Extreme temperatures can harm the plants, floods can ruin paddy fields, and heatwaves can prevent them from growing at all. Diseases can also spread if the environment becomes too humid. All these take a toll on rice yields, and given the increasing demand, innovations are necessary to keep supply sufficient.
The demand for innovation is increasing as climate change accelerates. Rice producers, engineers, and academics have turned to water-saving irrigation routines and rice gene banks. These banks contain hundreds of thousands of variations ready to be disseminated or bred into new, climate-resilient forms.

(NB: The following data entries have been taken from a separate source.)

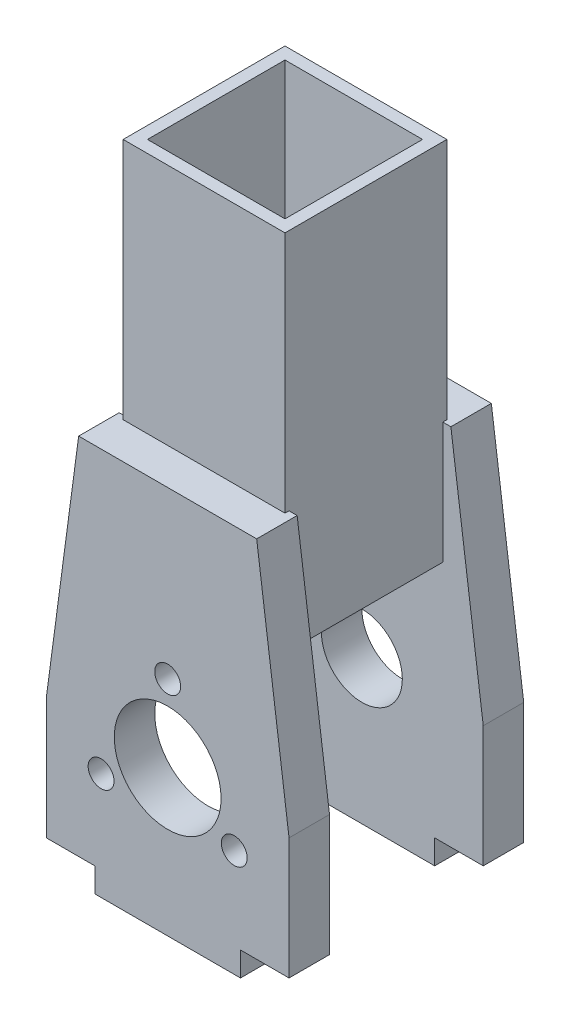
ISO-10303-21;
HEADER;
FILE_DESCRIPTION(('STEP AP214'),'2;1');
FILE_NAME('part.step','',(''),(''),'','','');
FILE_SCHEMA(('AUTOMOTIVE_DESIGN { 1 0 10303 214 1 1 1 1 }'));
ENDSEC;
DATA;
#1=APPLICATION_CONTEXT('core data for automotive mechanical design processes');
#2=APPLICATION_PROTOCOL_DEFINITION('international standard','automotive_design',2000,#1);
#3=PRODUCT_CONTEXT('',#1,'mechanical');
#4=PRODUCT('Part','Part','',(#3));
#5=PRODUCT_RELATED_PRODUCT_CATEGORY('part','',(#4));
#6=PRODUCT_DEFINITION_FORMATION('','',#4);
#7=PRODUCT_DEFINITION_CONTEXT('part definition',#1,'design');
#8=PRODUCT_DEFINITION('design','',#6,#7);
#9=PRODUCT_DEFINITION_SHAPE('','',#8);
#10=(LENGTH_UNIT() NAMED_UNIT(*) SI_UNIT(.MILLI.,.METRE.));
#11=(NAMED_UNIT(*) PLANE_ANGLE_UNIT() SI_UNIT($,.RADIAN.));
#12=(NAMED_UNIT(*) SI_UNIT($,.STERADIAN.) SOLID_ANGLE_UNIT());
#13=UNCERTAINTY_MEASURE_WITH_UNIT(LENGTH_MEASURE(1.E-05),#10,'distance_accuracy_value','');
#14=(GEOMETRIC_REPRESENTATION_CONTEXT(3) GLOBAL_UNCERTAINTY_ASSIGNED_CONTEXT((#13)) GLOBAL_UNIT_ASSIGNED_CONTEXT((#10,
#11,#12)) REPRESENTATION_CONTEXT('',''));
#15=CARTESIAN_POINT('',(0.,0.,0.));
#16=DIRECTION('',(0.,0.,1.));
#17=DIRECTION('',(1.,0.,0.));
#18=AXIS2_PLACEMENT_3D('',#15,#16,#17);
#19=CARTESIAN_POINT('',(1.00298557338295E-13,75.,0.));
#20=DIRECTION('',(0.,1.,0.));
#21=DIRECTION('',(-1.,0.,0.));
#22=AXIS2_PLACEMENT_3D('',#19,#20,#21);
#23=PLANE('',#22);
#24=DIRECTION('',(0.,0.,-1.));
#25=VECTOR('',#24,1.);
#26=CARTESIAN_POINT('',(10.0000000000001,75.,-10.));
#27=LINE('',#26,#25);
#28=CARTESIAN_POINT('',(10.0000000000001,75.,10.));
#29=VERTEX_POINT('',#28);
#30=CARTESIAN_POINT('',(10.0000000000001,75.,-10.));
#31=VERTEX_POINT('',#30);
#32=EDGE_CURVE('E122',#29,#31,#27,.T.);
#33=ORIENTED_EDGE('',*,*,#32,.T.);
#34=DIRECTION('',(-1.,0.,0.));
#35=VECTOR('',#34,1.);
#36=CARTESIAN_POINT('',(-9.99999999999991,75.,-10.));
#37=LINE('',#36,#35);
#38=CARTESIAN_POINT('',(-9.99999999999991,75.,-10.));
#39=VERTEX_POINT('',#38);
#40=EDGE_CURVE('E165',#31,#39,#37,.T.);
#41=ORIENTED_EDGE('',*,*,#40,.T.);
#42=DIRECTION('',(0.,0.,1.));
#43=VECTOR('',#42,1.);
#44=CARTESIAN_POINT('',(-9.99999999999991,75.,-10.));
#45=LINE('',#44,#43);
#46=CARTESIAN_POINT('',(-9.9999999999999,75.,10.));
#47=VERTEX_POINT('',#46);
#48=EDGE_CURVE('E167',#39,#47,#45,.T.);
#49=ORIENTED_EDGE('',*,*,#48,.T.);
#50=DIRECTION('',(1.,0.,0.));
#51=VECTOR('',#50,1.);
#52=CARTESIAN_POINT('',(-9.9999999999999,75.,10.));
#53=LINE('',#52,#51);
#54=EDGE_CURVE('E69',#47,#29,#53,.T.);
#55=ORIENTED_EDGE('',*,*,#54,.T.);
#56=EDGE_LOOP('',(#33,#41,#49,#55));
#57=FACE_BOUND('',#56,.T.);
#58=DIRECTION('',(1.,0.,0.));
#59=VECTOR('',#58,1.);
#60=CARTESIAN_POINT('',(-8.49999999999991,75.,8.5));
#61=LINE('',#60,#59);
#62=CARTESIAN_POINT('',(-8.49999999999991,75.,8.5));
#63=VERTEX_POINT('',#62);
#64=CARTESIAN_POINT('',(8.50000000000009,75.,8.5));
#65=VERTEX_POINT('',#64);
#66=EDGE_CURVE('E154',#63,#65,#61,.T.);
#67=ORIENTED_EDGE('',*,*,#66,.F.);
#68=DIRECTION('',(0.,0.,1.));
#69=VECTOR('',#68,1.);
#70=CARTESIAN_POINT('',(-8.49999999999991,75.,-8.5));
#71=LINE('',#70,#69);
#72=CARTESIAN_POINT('',(-8.49999999999991,75.,-8.5));
#73=VERTEX_POINT('',#72);
#74=EDGE_CURVE('E119',#73,#63,#71,.T.);
#75=ORIENTED_EDGE('',*,*,#74,.F.);
#76=DIRECTION('',(-1.,0.,0.));
#77=VECTOR('',#76,1.);
#78=CARTESIAN_POINT('',(-8.49999999999991,75.,-8.5));
#79=LINE('',#78,#77);
#80=CARTESIAN_POINT('',(8.50000000000009,75.,-8.5));
#81=VERTEX_POINT('',#80);
#82=EDGE_CURVE('E158',#81,#73,#79,.T.);
#83=ORIENTED_EDGE('',*,*,#82,.F.);
#84=DIRECTION('',(0.,0.,-1.));
#85=VECTOR('',#84,1.);
#86=CARTESIAN_POINT('',(8.50000000000009,75.,-8.5));
#87=LINE('',#86,#85);
#88=EDGE_CURVE('E156',#65,#81,#87,.T.);
#89=ORIENTED_EDGE('',*,*,#88,.F.);
#90=EDGE_LOOP('',(#67,#75,#83,#89));
#91=FACE_BOUND('',#90,.T.);
#92=ADVANCED_FACE('F46',(#57,#91),#23,.T.);
#93=CARTESIAN_POINT('',(10.0000000000001,75.,-10.));
#94=DIRECTION('',(-1.,0.,0.));
#95=DIRECTION('',(0.,-1.,0.));
#96=AXIS2_PLACEMENT_3D('',#93,#94,#95);
#97=PLANE('',#96);
#98=DIRECTION('',(0.,-1.,0.));
#99=VECTOR('',#98,1.);
#100=CARTESIAN_POINT('',(10.0000000000001,75.,10.));
#101=LINE('',#100,#99);
#102=CARTESIAN_POINT('',(10.,30.,10.));
#103=VERTEX_POINT('',#102);
#104=EDGE_CURVE('E170',#29,#103,#101,.T.);
#105=ORIENTED_EDGE('',*,*,#104,.T.);
#106=DIRECTION('',(0.,0.,-1.));
#107=VECTOR('',#106,1.);
#108=CARTESIAN_POINT('',(10.,30.,-10.));
#109=LINE('',#108,#107);
#110=CARTESIAN_POINT('',(10.,30.,-10.));
#111=VERTEX_POINT('',#110);
#112=EDGE_CURVE('E141',#103,#111,#109,.T.);
#113=ORIENTED_EDGE('',*,*,#112,.T.);
#114=DIRECTION('',(0.,-1.,0.));
#115=VECTOR('',#114,1.);
#116=CARTESIAN_POINT('',(10.0000000000001,75.,-10.));
#117=LINE('',#116,#115);
#118=EDGE_CURVE('E12',#31,#111,#117,.T.);
#119=ORIENTED_EDGE('',*,*,#118,.F.);
#120=ORIENTED_EDGE('',*,*,#32,.F.);
#121=EDGE_LOOP('',(#105,#113,#119,#120));
#122=FACE_BOUND('',#121,.T.);
#123=ADVANCED_FACE('F48',(#122),#97,.F.);
#124=CARTESIAN_POINT('',(-9.99999999999991,75.,-10.));
#125=DIRECTION('',(0.,0.,1.));
#126=DIRECTION('',(1.,0.,0.));
#127=AXIS2_PLACEMENT_3D('',#124,#125,#126);
#128=PLANE('',#127);
#129=ORIENTED_EDGE('',*,*,#118,.T.);
#130=DIRECTION('',(-1.,0.,0.));
#131=VECTOR('',#130,1.);
#132=CARTESIAN_POINT('',(-9.99999999999997,30.,-10.));
#133=LINE('',#132,#131);
#134=CARTESIAN_POINT('',(-9.99999999999997,30.,-10.));
#135=VERTEX_POINT('',#134);
#136=EDGE_CURVE('E144',#111,#135,#133,.T.);
#137=ORIENTED_EDGE('',*,*,#136,.T.);
#138=DIRECTION('',(0.,-1.,0.));
#139=VECTOR('',#138,1.);
#140=CARTESIAN_POINT('',(-9.99999999999991,75.,-10.));
#141=LINE('',#140,#139);
#142=EDGE_CURVE('E54',#39,#135,#141,.T.);
#143=ORIENTED_EDGE('',*,*,#142,.F.);
#144=ORIENTED_EDGE('',*,*,#40,.F.);
#145=EDGE_LOOP('',(#129,#137,#143,#144));
#146=FACE_BOUND('',#145,.T.);
#147=ADVANCED_FACE('F183',(#146),#128,.F.);
#148=CARTESIAN_POINT('',(-9.99999999999991,75.,-10.));
#149=DIRECTION('',(1.,0.,0.));
#150=DIRECTION('',(0.,1.,0.));
#151=AXIS2_PLACEMENT_3D('',#148,#149,#150);
#152=PLANE('',#151);
#153=ORIENTED_EDGE('',*,*,#142,.T.);
#154=DIRECTION('',(0.,0.,1.));
#155=VECTOR('',#154,1.);
#156=CARTESIAN_POINT('',(-9.99999999999997,30.,-10.));
#157=LINE('',#156,#155);
#158=CARTESIAN_POINT('',(-9.99999999999996,30.,10.));
#159=VERTEX_POINT('',#158);
#160=EDGE_CURVE('E147',#135,#159,#157,.T.);
#161=ORIENTED_EDGE('',*,*,#160,.T.);
#162=DIRECTION('',(0.,-1.,0.));
#163=VECTOR('',#162,1.);
#164=CARTESIAN_POINT('',(-9.9999999999999,75.,10.));
#165=LINE('',#164,#163);
#166=EDGE_CURVE('E172',#47,#159,#165,.T.);
#167=ORIENTED_EDGE('',*,*,#166,.F.);
#168=ORIENTED_EDGE('',*,*,#48,.F.);
#169=EDGE_LOOP('',(#153,#161,#167,#168));
#170=FACE_BOUND('',#169,.T.);
#171=ADVANCED_FACE('F177',(#170),#152,.F.);
#172=CARTESIAN_POINT('',(-9.9999999999999,75.,10.));
#173=DIRECTION('',(0.,0.,-1.));
#174=DIRECTION('',(-1.,0.,0.));
#175=AXIS2_PLACEMENT_3D('',#172,#173,#174);
#176=PLANE('',#175);
#177=ORIENTED_EDGE('',*,*,#166,.T.);
#178=DIRECTION('',(1.,0.,0.));
#179=VECTOR('',#178,1.);
#180=CARTESIAN_POINT('',(-9.99999999999996,30.,10.));
#181=LINE('',#180,#179);
#182=EDGE_CURVE('E150',#159,#103,#181,.T.);
#183=ORIENTED_EDGE('',*,*,#182,.T.);
#184=ORIENTED_EDGE('',*,*,#104,.F.);
#185=ORIENTED_EDGE('',*,*,#54,.F.);
#186=EDGE_LOOP('',(#177,#183,#184,#185));
#187=FACE_BOUND('',#186,.T.);
#188=ADVANCED_FACE('F188',(#187),#176,.F.);
#189=CARTESIAN_POINT('',(-8.49999999999991,75.,-8.5));
#190=DIRECTION('',(1.,0.,0.));
#191=DIRECTION('',(0.,1.,0.));
#192=AXIS2_PLACEMENT_3D('',#189,#190,#191);
#193=PLANE('',#192);
#194=DIRECTION('',(0.,-1.,0.));
#195=VECTOR('',#194,1.);
#196=CARTESIAN_POINT('',(-8.49999999999991,75.,8.5));
#197=LINE('',#196,#195);
#198=CARTESIAN_POINT('',(-8.49999999999996,30.,8.5));
#199=VERTEX_POINT('',#198);
#200=EDGE_CURVE('E111',#63,#199,#197,.T.);
#201=ORIENTED_EDGE('',*,*,#200,.T.);
#202=DIRECTION('',(0.,0.,1.));
#203=VECTOR('',#202,1.);
#204=CARTESIAN_POINT('',(-8.49999999999997,30.,-8.5));
#205=LINE('',#204,#203);
#206=CARTESIAN_POINT('',(-8.49999999999997,30.,-8.5));
#207=VERTEX_POINT('',#206);
#208=EDGE_CURVE('E116',#207,#199,#205,.T.);
#209=ORIENTED_EDGE('',*,*,#208,.F.);
#210=DIRECTION('',(0.,-1.,0.));
#211=VECTOR('',#210,1.);
#212=CARTESIAN_POINT('',(-8.49999999999991,75.,-8.5));
#213=LINE('',#212,#211);
#214=EDGE_CURVE('E160',#73,#207,#213,.T.);
#215=ORIENTED_EDGE('',*,*,#214,.F.);
#216=ORIENTED_EDGE('',*,*,#74,.T.);
#217=EDGE_LOOP('',(#201,#209,#215,#216));
#218=FACE_BOUND('',#217,.T.);
#219=ADVANCED_FACE('F113',(#218),#193,.T.);
#220=CARTESIAN_POINT('',(-8.49999999999991,75.,8.5));
#221=DIRECTION('',(0.,0.,-1.));
#222=DIRECTION('',(-1.,0.,0.));
#223=AXIS2_PLACEMENT_3D('',#220,#221,#222);
#224=PLANE('',#223);
#225=DIRECTION('',(0.,-1.,0.));
#226=VECTOR('',#225,1.);
#227=CARTESIAN_POINT('',(8.50000000000009,75.,8.5));
#228=LINE('',#227,#226);
#229=CARTESIAN_POINT('',(8.50000000000006,30.,8.49999999999999));
#230=VERTEX_POINT('',#229);
#231=EDGE_CURVE('E123',#65,#230,#228,.T.);
#232=ORIENTED_EDGE('',*,*,#231,.T.);
#233=DIRECTION('',(1.,0.,0.));
#234=VECTOR('',#233,1.);
#235=CARTESIAN_POINT('',(-8.49999999999996,30.,8.5));
#236=LINE('',#235,#234);
#237=EDGE_CURVE('E126',#199,#230,#236,.T.);
#238=ORIENTED_EDGE('',*,*,#237,.F.);
#239=ORIENTED_EDGE('',*,*,#200,.F.);
#240=ORIENTED_EDGE('',*,*,#66,.T.);
#241=EDGE_LOOP('',(#232,#238,#239,#240));
#242=FACE_BOUND('',#241,.T.);
#243=ADVANCED_FACE('F127',(#242),#224,.T.);
#244=CARTESIAN_POINT('',(8.50000000000009,75.,-8.5));
#245=DIRECTION('',(-1.,0.,0.));
#246=DIRECTION('',(0.,-1.,0.));
#247=AXIS2_PLACEMENT_3D('',#244,#245,#246);
#248=PLANE('',#247);
#249=DIRECTION('',(0.,-1.,0.));
#250=VECTOR('',#249,1.);
#251=CARTESIAN_POINT('',(8.50000000000009,75.,-8.5));
#252=LINE('',#251,#250);
#253=CARTESIAN_POINT('',(8.50000000000004,30.,-8.5));
#254=VERTEX_POINT('',#253);
#255=EDGE_CURVE('E61',#81,#254,#252,.T.);
#256=ORIENTED_EDGE('',*,*,#255,.T.);
#257=DIRECTION('',(0.,0.,-1.));
#258=VECTOR('',#257,1.);
#259=CARTESIAN_POINT('',(8.50000000000004,30.,-8.5));
#260=LINE('',#259,#258);
#261=EDGE_CURVE('E132',#230,#254,#260,.T.);
#262=ORIENTED_EDGE('',*,*,#261,.F.);
#263=ORIENTED_EDGE('',*,*,#231,.F.);
#264=ORIENTED_EDGE('',*,*,#88,.T.);
#265=EDGE_LOOP('',(#256,#262,#263,#264));
#266=FACE_BOUND('',#265,.T.);
#267=ADVANCED_FACE('F206',(#266),#248,.T.);
#268=CARTESIAN_POINT('',(-8.49999999999991,75.,-8.5));
#269=DIRECTION('',(0.,0.,1.));
#270=DIRECTION('',(1.,0.,0.));
#271=AXIS2_PLACEMENT_3D('',#268,#269,#270);
#272=PLANE('',#271);
#273=ORIENTED_EDGE('',*,*,#214,.T.);
#274=DIRECTION('',(-1.,0.,0.));
#275=VECTOR('',#274,1.);
#276=CARTESIAN_POINT('',(-8.49999999999997,30.,-8.5));
#277=LINE('',#276,#275);
#278=EDGE_CURVE('E136',#254,#207,#277,.T.);
#279=ORIENTED_EDGE('',*,*,#278,.F.);
#280=ORIENTED_EDGE('',*,*,#255,.F.);
#281=ORIENTED_EDGE('',*,*,#82,.T.);
#282=EDGE_LOOP('',(#273,#279,#280,#281));
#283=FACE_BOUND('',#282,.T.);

The world’s biggest rice storage facility is located in the Philippines, at the southern rim of Laguna de Bay, in the city of Los Baños. The International Rice Genebank, which is administered by International Rice Research Institute (IRRI), houses more than 130,000 types of rice seeds from farms all over the world. Backup seeds are maintained at the National Center for Genetic Resources Preservation in Fort Collins, Colo., and the Svalbard Global Seed Vault, which is hidden beneath a Norwegian mountain.
These banks are created to maintain rice biodiversity and gather a treasure trove of genetic material that may be utilized to breed future rice varieties. Farmers are abandoning many of the older, preserved types in favor of newer, higher-yielding, or sturdier strains.
Additionally, experts are finding ways to reduce the carbon footprint emitted by rice productions. While rice plants suffer from climate change, it also contributes to it. Traditional farming practices, such as flooding paddy fields and burning rice straw in open fields, produce around 10% of worldwide man-made methane, a strong greenhouse gas.
It’s undeniable that the weather would continue to be inconsistent as climate change worsens, and rice production may suffer as a result. While rice innovations and planting trials are being conducted in many areas of the world, it’s too soon to determine if these attempts can be successful, particularly if the weather intensity continues to worsen.
However, rice production is predicted to be steady for the next few years, which may give experts and scientists enough time to lessen the carbon footprint of this said crop, and develop better strains that can handle salty soil, flash floods, and extreme drought.